Trademark protections comprise another category of licenses that state and federal governments grant. Laws generally allow trademark owners to prevent the use of their trademark in a manner that is likely to result in consumer confusion. Not all names or logos, however, can be protected as a trademark. Trademarks must be either “strong,” that is, inherently distinctive, or have developed sufficient consumer awareness or secondary meaning associated with the sale and advertisement of particular goods or services. The trademark owner must then comply with various federal and state legislative and administrative requirements, including actual or intended use in commerce, in order to maintain trademark rights. In a manner similar to the practice in copyright law, trademark owners are also subject to legislative and judicial restrictions, such as the fair use doctrine. Court rulings in KP Permanent Make-Up, Inc. v. Lasting Impression I, Inc. (2004) and TMI Inc. v. Maxwell (5th Cir. 2004) illustrate these points, and the TMI holding notes that the Anticybersquatting Consumer Protection Act of 1999 does not preclude the defense of fair use of another’s trademark for noncommercial purposes in an Internet domain name.
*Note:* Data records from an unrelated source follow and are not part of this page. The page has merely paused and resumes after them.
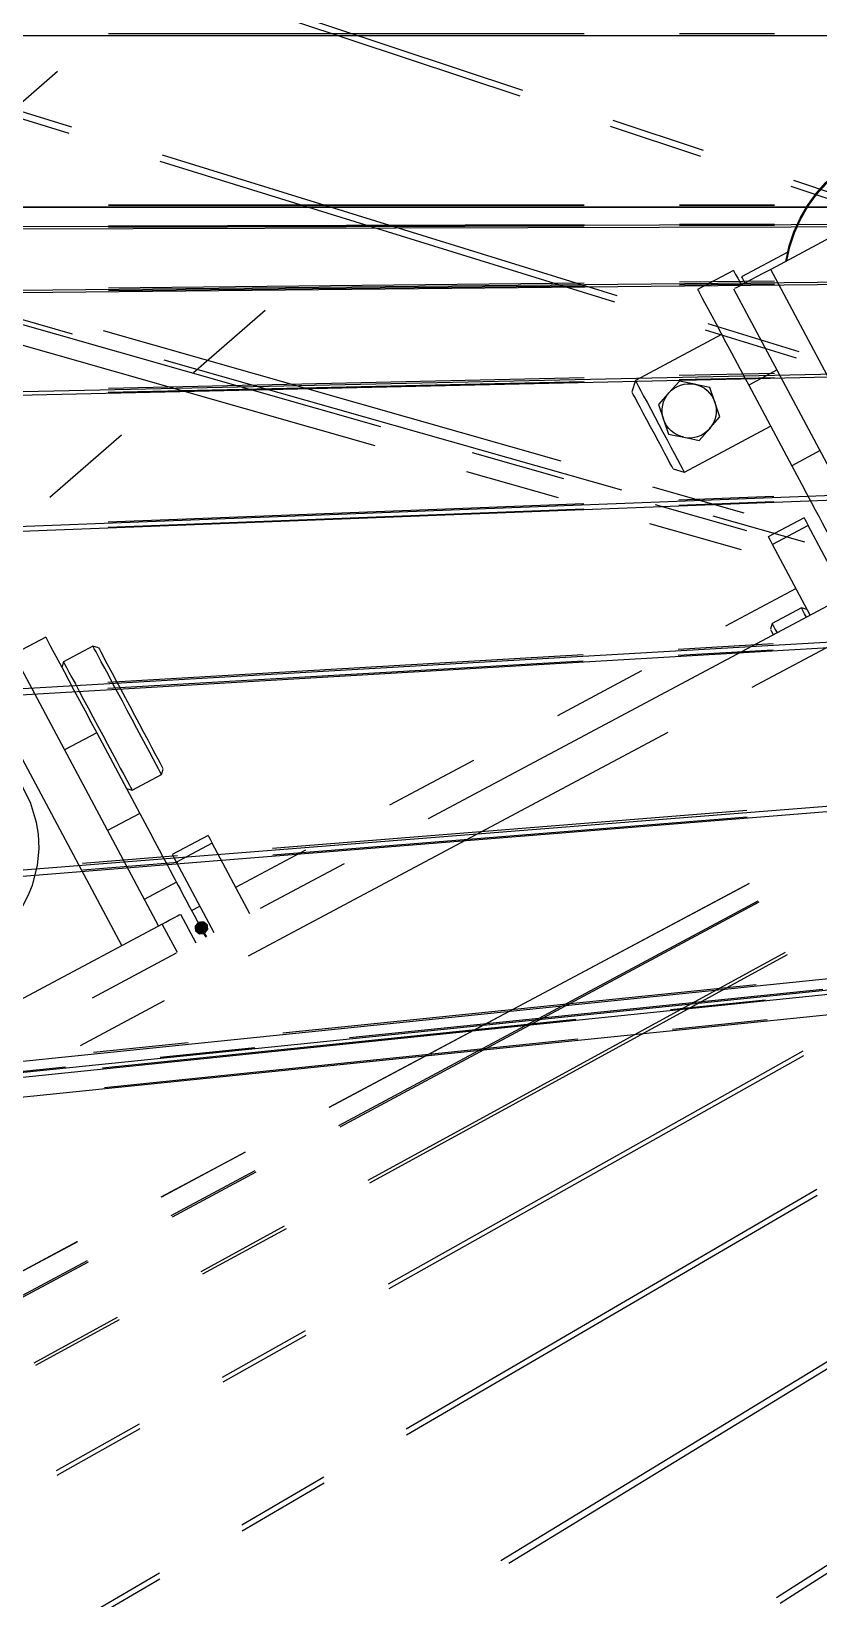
# Model space of a CAD drawing. Extents: x 3 to 592, y 5 to 207.
# Drawn here: x 66.45 to 76.96, y 28.87 to 49.8 of the extents above; entities that cross this region are included whole.
import ezdxf

# ---------------------------------------------------------------- set-up
doc = ezdxf.new("R2010")
doc.units = 0
doc.layers.get('0').update_dxf_attribs({"linetype": 'CONTINUOUS'})

msp = doc.modelspace()

# ---------------------------------------------------------------- hatches: boundary and pattern name
h = msp.add_hatch(color=7)
h.dxf.hatch_style = 2
h.paths.add_polyline_path([(68.684437, 37.908056), (68.75288, 37.915143), (68.806415, 37.871914), (68.813503, 37.803471), (68.770274, 37.749936), (68.757926, 37.743233), (68.689483, 37.736146), (68.635948, 37.779375), (68.628861, 37.847818), (68.67209, 37.901354)])
h = msp.add_hatch(color=7)
h.dxf.hatch_style = 2
h.paths.add_polyline_path([(68.684437, 37.908056), (68.75288, 37.915143), (68.806415, 37.871914), (68.813503, 37.803471), (68.770274, 37.749936), (68.757926, 37.743233), (68.689483, 37.736146), (68.635948, 37.779375), (68.628861, 37.847818), (68.67209, 37.901354)])

# ---------------------------------------------------------------- linework, layer by layer
at = {"color": 7}
for points in [[(72.974408, 48.928214), (66.949326, 50.933428)], [(72.974408, 48.928214), (66.949326, 50.933428)], [(66.981549, 51.014738), (73.006631, 49.009525)], [(66.981549, 51.014738), (73.006631, 49.009525)], [(43.215278, 49.741667), (85.372222, 49.741667)], [(67.479757, 49.768125), (73.829757, 49.768125)], [(67.479757, 49.768125), (73.829757, 49.768125)], [(67.479757, 49.768125), (73.829757, 49.768125)], [(67.479757, 49.768125), (73.829757, 49.768125)], [(75.099757, 49.768125), (76.369757, 49.768125)], [(75.099757, 49.768125), (76.369757, 49.768125)], [(75.099757, 49.768125), (76.369757, 49.768125)], [(75.099757, 49.768125), (76.369757, 49.768125)], [(66.802252, 49.260651), (65.843951, 48.427249)], [(66.802252, 49.260651), (65.843951, 48.427249)], [(66.955671, 48.430545), (65.742291, 48.805523)], [(66.955671, 48.430545), (65.742291, 48.805523)], [(65.772326, 48.894917), (66.985704, 48.519932)], [(65.772326, 48.894917), (66.985704, 48.519932)], [(74.211648, 48.608482), (75.416664, 48.207439)], [(74.211648, 48.608482), (75.416664, 48.207439)], [(75.384441, 48.126129), (74.179424, 48.527171)], [(75.384441, 48.126129), (74.179424, 48.527171)], [(68.199082, 48.144947), (74.265972, 46.270021)], [(68.199082, 48.144947), (74.265972, 46.270021)], [(76.520993, 46.725029), (76.523815, 46.741256), (76.566501, 46.933167), (76.62859, 47.12014), (76.709376, 47.300056), (76.807801, 47.470448), (76.922806, 47.630256), (77.053687, 47.777365), (77.198679, 47.910715), (77.35637, 48.028895), (77.525351, 48.130143)], [(76.520993, 46.725029), (76.523815, 46.741256), (76.566501, 46.933167), (76.62859, 47.12014), (76.709376, 47.300056), (76.807801, 47.470448), (76.922806, 47.630256), (77.053687, 47.777365), (77.198679, 47.910715), (77.35637, 48.028895), (77.525351, 48.130143)], [(74.235952, 46.180677), (68.169051, 48.055567)], [(74.235952, 46.180677), (68.169051, 48.055567)], [(76.531964, 46.730885), (76.574297, 46.918915), (76.636386, 47.105887), (76.716819, 47.285451), (76.815244, 47.456196), (76.930603, 47.616004), (77.061483, 47.763112), (77.206475, 47.896462), (77.364167, 48.014643), (77.532794, 48.11589)], [(76.531964, 46.730885), (76.574297, 46.918915), (76.636386, 47.105887), (76.716819, 47.285451), (76.815244, 47.456196), (76.930603, 47.616004), (77.061483, 47.763112), (77.206475, 47.896462), (77.364167, 48.014643), (77.532794, 48.11589)], [(77.794474, 47.324043), (76.589457, 47.725086)], [(77.794474, 47.324043), (76.589457, 47.725086)], [(76.621681, 47.806396), (77.826697, 47.405353)], [(76.621681, 47.806396), (77.826697, 47.405353)], [(43.215278, 47.448611), (85.372222, 47.448611)], [(85.372222, 47.448611), (43.215278, 47.448611)], [(73.82958, 47.473764), (67.47958, 47.473764)], [(73.82958, 47.473764), (67.47958, 47.473764)], [(73.82958, 47.473764), (67.47958, 47.473764)], [(73.82958, 47.473764), (67.47958, 47.473764)], [(67.479757, 47.476445), (73.829757, 47.476445)], [(67.479757, 47.476445), (73.829757, 47.476445)], [(67.479757, 47.476445), (73.829757, 47.476445)], [(67.479757, 47.476445), (73.829757, 47.476445)], [(76.36958, 47.473764), (75.09958, 47.473764)], [(76.36958, 47.473764), (75.09958, 47.473764)], [(76.36958, 47.473764), (75.09958, 47.473764)], [(76.36958, 47.473764), (75.09958, 47.473764)], [(75.099757, 47.476445), (76.369757, 47.476445)], [(75.099757, 47.476445), (76.369757, 47.476445)], [(75.099757, 47.476445), (76.369757, 47.476445)], [(75.099757, 47.476445), (76.369757, 47.476445)], [(43.215278, 47.131111), (85.372222, 47.236944)], [(85.372222, 47.201667), (43.215278, 47.095833)], [(73.829618, 47.194452), (67.479639, 47.178142)], [(73.829618, 47.194452), (67.479639, 47.178142)], [(73.829618, 47.194452), (67.479639, 47.178142)], [(73.829618, 47.194452), (67.479639, 47.178142)], [(67.479677, 47.199626), (73.829656, 47.215935)], [(67.479677, 47.199626), (73.829656, 47.215935)], [(67.479677, 47.199626), (73.829656, 47.215935)], [(67.479677, 47.199626), (73.829656, 47.215935)], [(76.36961, 47.200975), (75.099614, 47.197714)], [(76.36961, 47.200975), (75.099614, 47.197714)], [(76.36961, 47.200975), (75.099614, 47.197714)], [(76.36961, 47.200975), (75.099614, 47.197714)], [(75.099652, 47.219197), (76.369647, 47.222459)], [(75.099652, 47.219197), (76.369647, 47.222459)], [(75.099652, 47.219197), (76.369647, 47.222459)], [(75.099652, 47.219197), (76.369647, 47.222459)], [(77.423716, 47.206641), (76.317757, 46.616796)], [(77.423716, 47.206641), (76.317757, 46.616796)], [(76.544946, 46.848007), (75.928996, 46.519218)], [(76.544946, 46.848007), (75.928996, 46.519218)], [(43.215278, 46.108056), (85.372222, 46.531389)], [(85.372222, 46.496111), (43.215278, 46.072778)], [(75.099174, 46.449975), (76.369108, 46.462862)], [(75.099174, 46.449975), (76.369108, 46.462862)], [(75.099174, 46.449975), (76.369108, 46.462862)], [(75.099174, 46.449975), (76.369108, 46.462862)], [(75.821152, 46.603461), (75.343138, 46.348403)], [(75.821152, 46.603461), (75.343138, 46.348403)], [(75.821152, 46.603461), (75.831382, 46.584411), (75.849727, 46.549839), (75.877244, 46.498686), (75.912874, 46.431306), (75.925574, 46.407317)], [(75.821152, 46.603461), (75.831382, 46.584411), (75.849727, 46.549839), (75.877244, 46.498686), (75.912874, 46.431306), (75.925574, 46.407317)], [(76.317828, 46.616655), (76.222225, 46.565502), (76.13015, 46.516466), (76.045483, 46.471311), (75.9714, 46.4318), (75.910369, 46.399344), (75.864861, 46.375002), (75.836992, 46.360186)], [(76.317828, 46.616655), (76.222225, 46.565502), (76.13015, 46.516466), (76.045483, 46.471311), (75.9714, 46.4318), (75.910369, 46.399344), (75.864861, 46.375002), (75.836992, 46.360186)], [(75.928961, 46.519394), (75.941661, 46.495758), (75.961416, 46.458717), (75.974822, 46.433669)], [(75.928961, 46.519394), (75.941661, 46.495758), (75.961416, 46.458717), (75.974822, 46.433669)], [(78.148286, 43.185503), (76.317722, 46.61662)], [(78.148286, 43.185503), (76.317722, 46.61662)], [(71.115042, 44.516931), (65.007302, 46.254172)], [(71.115042, 44.516931), (65.007302, 46.254172)], [(73.829117, 46.395142), (67.479444, 46.330704)], [(73.829117, 46.395142), (67.479444, 46.330704)], [(73.829117, 46.395142), (67.479444, 46.330704)], [(73.829117, 46.395142), (67.479444, 46.330704)], [(67.479566, 46.372649), (73.829239, 46.437087)], [(67.479566, 46.372649), (73.829239, 46.437087)], [(67.479566, 46.372649), (73.829239, 46.437087)], [(67.479566, 46.372649), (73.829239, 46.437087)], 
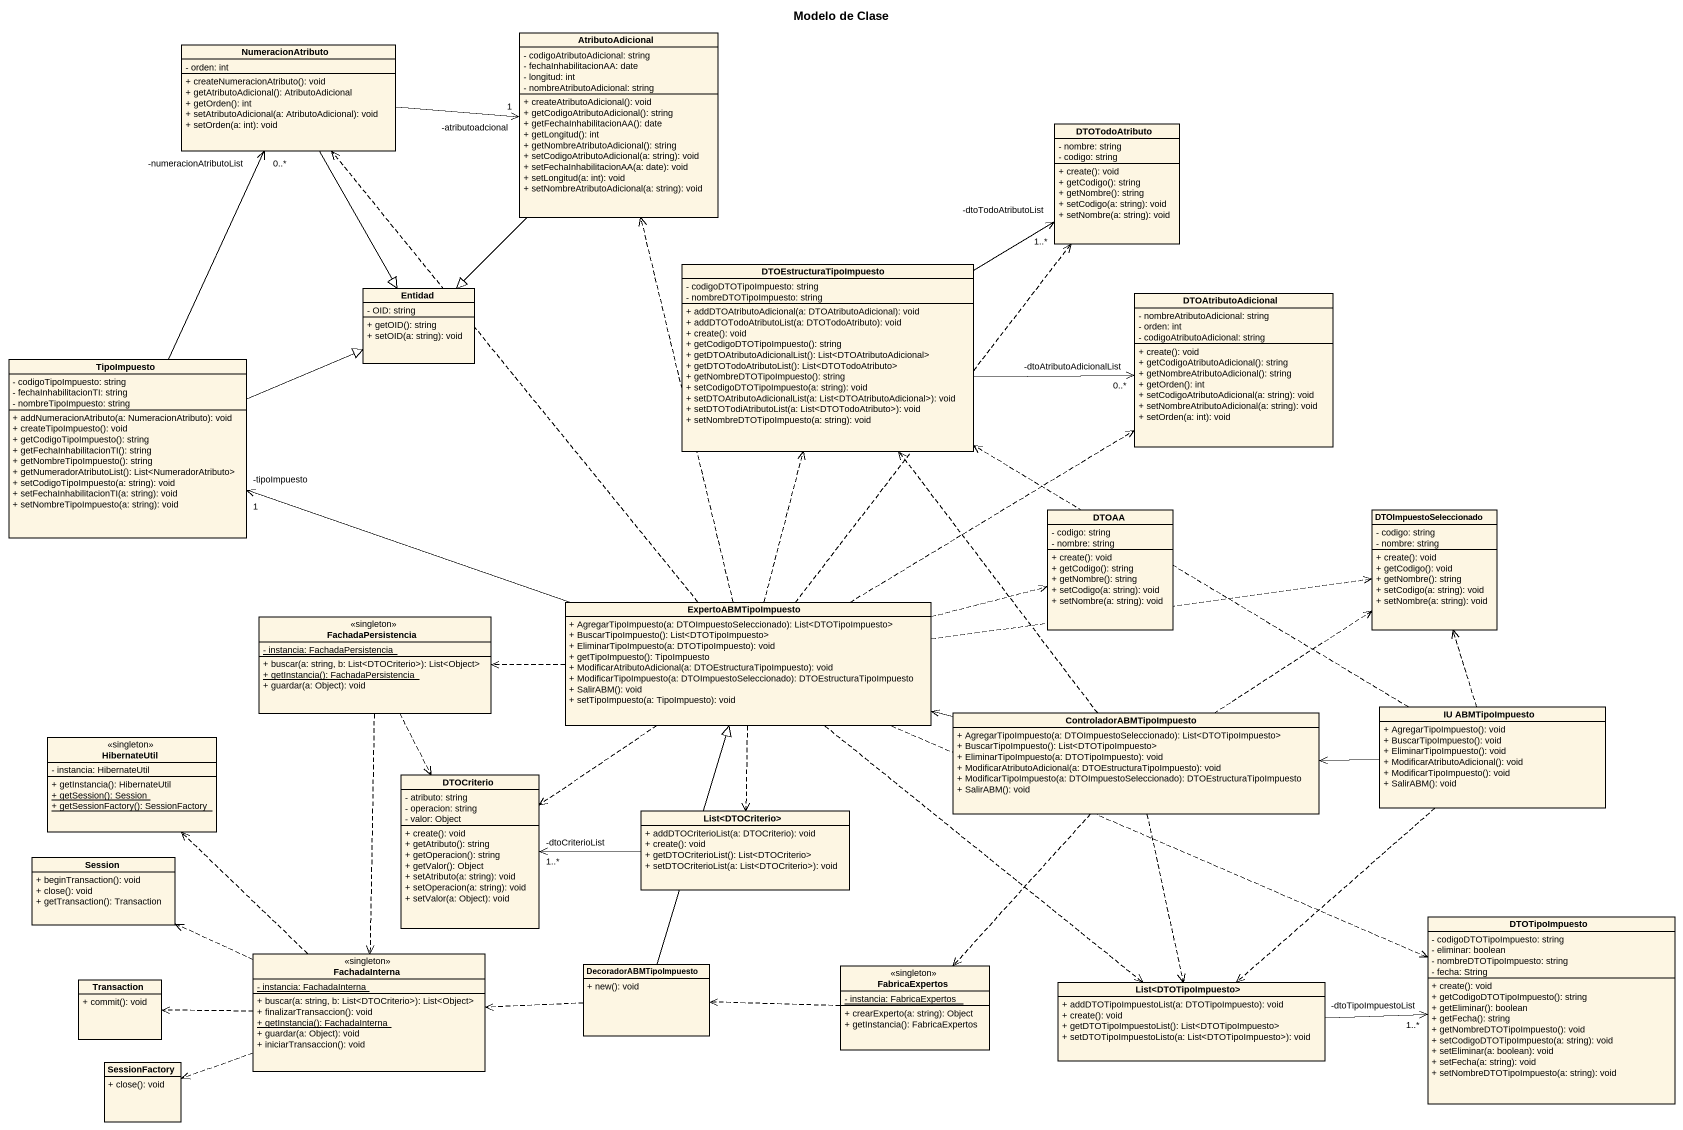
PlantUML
@startuml
title Modelo de Clase
hide circle
hide empty members
skinparam classAttributeIconSize 0
class NumeracionAtributo {
  - orden: int
  + createNumeracionAtributo(): void
  + getAtributoAdicional(): AtributoAdicional
  + getOrden(): int
  + setAtributoAdicional(a: AtributoAdicional): void
  + setOrden(a: int): void
}
class AtributoAdicional {
  - codigoAtributoAdicional: string
  - fechaInhabilitacionAA: date
  - longitud: int
  - nombreAtributoAdicional: string
  + createAtributoAdicional(): void
  + getCodigoAtributoAdicional(): string
  + getFechaInhabilitacionAA(): date
  + getLongitud(): int
  + getNombreAtributoAdicional(): string
  + setCodigoAtributoAdicional(a: string): void
  + setFechaInhabilitacionAA(a: date): void
  + setLongitud(a: int): void
  + setNombreAtributoAdicional(a: string): void
}
class DTOTodoAtributo {
  - nombre: string
  - codigo: string
  + create(): void
  + getCodigo(): string
  + getNombre(): string
  + setCodigo(a: string): void
  + setNombre(a: string): void
}
class Entidad {
  - OID: string
  + getOID(): string
  + setOID(a: string): void
}
class DTOEstructuraTipoImpuesto {
  - codigoDTOTipoImpuesto: string
  - nombreDTOTipoImpuesto: string
  + addDTOAtributoAdicional(a: DTOAtributoAdicional): void
  + addDTOTodoAtributoList(a: DTOTodoAtributo): void
  + create(): void
  + getCodigoDTOTipoImpuesto(): string
  + getDTOAtributoAdicionalList(): List<DTOAtributoAdicional>
  + getDTOTodoAtributoList(): List<DTOTodoAtributo>
  + getNombreDTOTipoImpuesto(): string
  + setCodigoDTOTipoImpuesto(a: string): void
  + setDTOAtributoAdicionalList(a: List<DTOAtributoAdicional>): void
  + setDTOTodiAtributoList(a: List<DTOTodoAtributo>): void
  + setNombreDTOTipoImpuesto(a: string): void
}
class DTOAtributoAdicional {
  - nombreAtributoAdicional: string
  - orden: int
  - codigoAtributoAdicional: string
  + create(): void
  + getCodigoAtributoAdicional(): string
  + getNombreAtributoAdicional(): string
  + getOrden(): int
  + setCodigoAtributoAdicional(a: string): void
  + setNombreAtributoAdicional(a: string): void
  + setOrden(a: int): void
}
class TipoImpuesto {
  - codigoTipoImpuesto: string
  - fechaInhabilitacionTI: string
  - nombreTipoImpuesto: string
  + addNumeracionAtributo(a: NumeracionAtributo): void
  + createTipoImpuesto(): void
  + getCodigoTipoImpuesto(): string
  + getFechaInhabilitacionTI(): string
  + getNombreTipoImpuesto(): string
  + getNumeradorAtributoList(): List<NumeradorAtributo>
  + setCodigoTipoImpuesto(a: string): void
  + setFechaInhabilitacionTI(a: string): void
  + setNombreTipoImpuesto(a: string): void
}
class DTOAA {
  - codigo: string
  - nombre: string
  + create(): void
  + getCodigo(): string
  + getNombre(): string
  + setCodigo(a: string): void
  + setNombre(a: string): void
}
class DTOImpuestoSeleccionado {
  - codigo: string
  - nombre: string
  + create(): void
  + getCodigo(): void
  + getNombre(): string
  + setCodigo(a: string): void
  + setNombre(a: string): void
}
class FachadaPersistencia <<singleton>> {
  {static} - instancia: FachadaPersistencia
  + buscar(a: string, b: List<DTOCriterio>): List<Object>
  {static} + getInstancia(): FachadaPersistencia
  + guardar(a: Object): void
}
class ExpertoABMTipoImpuesto {
  + AgregarTipoImpuesto(a: DTOImpuestoSeleccionado): List<DTOTipoImpuesto>
  + BuscarTipoImpuesto(): List<DTOTipoImpuesto>
  + EliminarTipoImpuesto(a: DTOTipoImpuesto): void
  + getTipoImpuesto(): TipoImpuesto
  + ModificarAtributoAdicional(a: DTOEstructuraTipoImpuesto): void
  + ModificarTipoImpuesto(a: DTOImpuestoSeleccionado): DTOEstructuraTipoImpuesto
  + SalirABM(): void
  + setTipoImpuesto(a: TipoImpuesto): void
}
class ControladorABMTipoImpuesto {
  + AgregarTipoImpuesto(a: DTOImpuestoSeleccionado): List<DTOTipoImpuesto>
  + BuscarTipoImpuesto(): List<DTOTipoImpuesto>
  + EliminarTipoImpuesto(a: DTOTipoImpuesto): void
  + ModificarAtributoAdicional(a: DTOEstructuraTipoImpuesto): void
  + ModificarTipoImpuesto(a: DTOImpuestoSeleccionado): DTOEstructuraTipoImpuesto
  + SalirABM(): void
}
class "IU ABMTipoImpuesto" as IU_ABMTipoImpuesto {
  + AgregarTipoImpuesto(): void
  + BuscarTipoImpuesto(): void
  + EliminarTipoImpuesto(): void
  + ModificarAtributoAdicional(): void
  + ModificarTipoImpuesto(): void
  + SalirABM(): void
}
class HibernateUtil <<singleton>> {
  - instancia: HibernateUtil
  + getInstancia(): HibernateUtil
  {static} + getSession(): Session
  {static} + getSessionFactory(): SessionFactory
}
class DTOCriterio {
  - atributo: string
  - operacion: string
  - valor: Object
  + create(): void
  + getAtributo(): string
  + getOperacion(): string
  + getValor(): Object
  + setAtributo(a: string): void
  + setOperacion(a: string): void
  + setValor(a: Object): void
}
class "List<DTOCriterio>" as List_DTOCriterio {
  + addDTOCriterioList(a: DTOCriterio): void
  + create(): void
  + getDTOCriterioList(): List<DTOCriterio>
  + setDTOCriterioList(a: List<DTOCriterio>): void
}
class Session {
  + beginTransaction(): void
  + close(): void
  + getTransaction(): Transaction
}
class DTOTipoImpuesto {
  - codigoDTOTipoImpuesto: string
  - eliminar: boolean
  - nombreDTOTipoImpuesto: string
  - fecha: String
  + create(): void
  + getCodigoDTOTipoImpuesto(): string
  + getEliminar(): boolean
  + getFecha(): string
  + getNombreDTOTipoImpuesto(): void
  + setCodigoDTOTipoImpuesto(a: string): void
  + setEliminar(a: boolean): void
  + setFecha(a: string): void
  + setNombreDTOTipoImpuesto(a: string): void
}
class Transaction {
  + commit(): void
}
class FachadaInterna <<singleton>> {
  {static} - instancia: FachadaInterna
  + buscar(a: string, b: List<DTOCriterio>): List<Object>
  + finalizarTransaccion(): void
  {static} + getInstancia(): FachadaInterna
  + guardar(a: Object): void
  + iniciarTransaccion(): void
}
class DecoradorABMTipoImpuesto {
  + new(): void
}
class FabricaExpertos <<singleton>> {
  {static} - instancia: FabricaExpertos
  + crearExperto(a: string): Object
  + getInstancia(): FabricaExpertos
}
class "List<DTOTipoImpuesto>" as List_DTOTipoImpuesto {
  + addDTOTipoImpuestoList(a: DTOTipoImpuesto): void
  + create(): void
  + getDTOTipoImpuestoList(): List<DTOTipoImpuesto>
  + setDTOTipoImpuestoListo(a: List<DTOTipoImpuesto>): void
}
class SessionFactory {
  + close(): void
}
NumeracionAtributo -right-> "-atributoadcional\n1" AtributoAdicional
NumeracionAtributo --|> Entidad
AtributoAdicional --|> Entidad
DTOEstructuraTipoImpuesto -up-> "-dtoTodoAtributoList\n1..*" DTOTodoAtributo
DTOEstructuraTipoImpuesto -right-> "-dtoAtributoAdicionalList\n0..*" DTOAtributoAdicional
TipoImpuesto -up-> "-numeracionAtributoList\n0..*" NumeracionAtributo
TipoImpuesto -right-|> Entidad
FachadaPersistencia ..> DTOCriterio
FachadaPersistencia ..> FachadaInterna
ExpertoABMTipoImpuesto .up.> NumeracionAtributo
ExpertoABMTipoImpuesto .up.> AtributoAdicional
ExpertoABMTipoImpuesto .up.> DTOTodoAtributo
ExpertoABMTipoImpuesto .up.> DTOEstructuraTipoImpuesto
ExpertoABMTipoImpuesto .up.> DTOAtributoAdicional
ExpertoABMTipoImpuesto -left-> "-tipoImpuesto\n1" TipoImpuesto
ExpertoABMTipoImpuesto .right.> DTOAA
ExpertoABMTipoImpuesto .right.> DTOImpuestoSeleccionado
ExpertoABMTipoImpuesto .left.> FachadaPersistencia
ExpertoABMTipoImpuesto ..> DTOCriterio
ExpertoABMTipoImpuesto ..> List_DTOCriterio
ExpertoABMTipoImpuesto .right.> DTOTipoImpuesto
ExpertoABMTipoImpuesto ..> List_DTOTipoImpuesto
ControladorABMTipoImpuesto .up.> DTOEstructuraTipoImpuesto
ControladorABMTipoImpuesto .up.> DTOImpuestoSeleccionado
ControladorABMTipoImpuesto -left-> ExpertoABMTipoImpuesto
ControladorABMTipoImpuesto ..> FabricaExpertos
ControladorABMTipoImpuesto ..> List_DTOTipoImpuesto
IU_ABMTipoImpuesto .up.> DTOEstructuraTipoImpuesto
IU_ABMTipoImpuesto .up.> DTOImpuestoSeleccionado
IU_ABMTipoImpuesto -left-> ControladorABMTipoImpuesto
IU_ABMTipoImpuesto ..> List_DTOTipoImpuesto
List_DTOCriterio -left-> "-dtoCriterioList\n1..*" DTOCriterio
FachadaInterna .up.> HibernateUtil
FachadaInterna .left.> Session
FachadaInterna .left.> Transaction
FachadaInterna .left.> SessionFactory
DecoradorABMTipoImpuesto -up-|> ExpertoABMTipoImpuesto
DecoradorABMTipoImpuesto .left.> FachadaInterna
FabricaExpertos .left.> DecoradorABMTipoImpuesto
List_DTOTipoImpuesto -right-> "-dtoTipoImpuestoList\n1..*" DTOTipoImpuesto
@enduml

The protection of trade secrets constitutes another form of governmentally granted license. Most states have adopted in large part the Uniform Trade Secrets Act. It allows entities to reap the rewards of their labor and to maintain standards of business ethics. A California court ruled in DVDCopyControl Association, Inc. v. Bunner (2003) that a “trade secret neither involves a matter of public concern nor implicates the core purpose of the First Amendment.” State courts have accordingly ordered nondisclosure of trade secret information.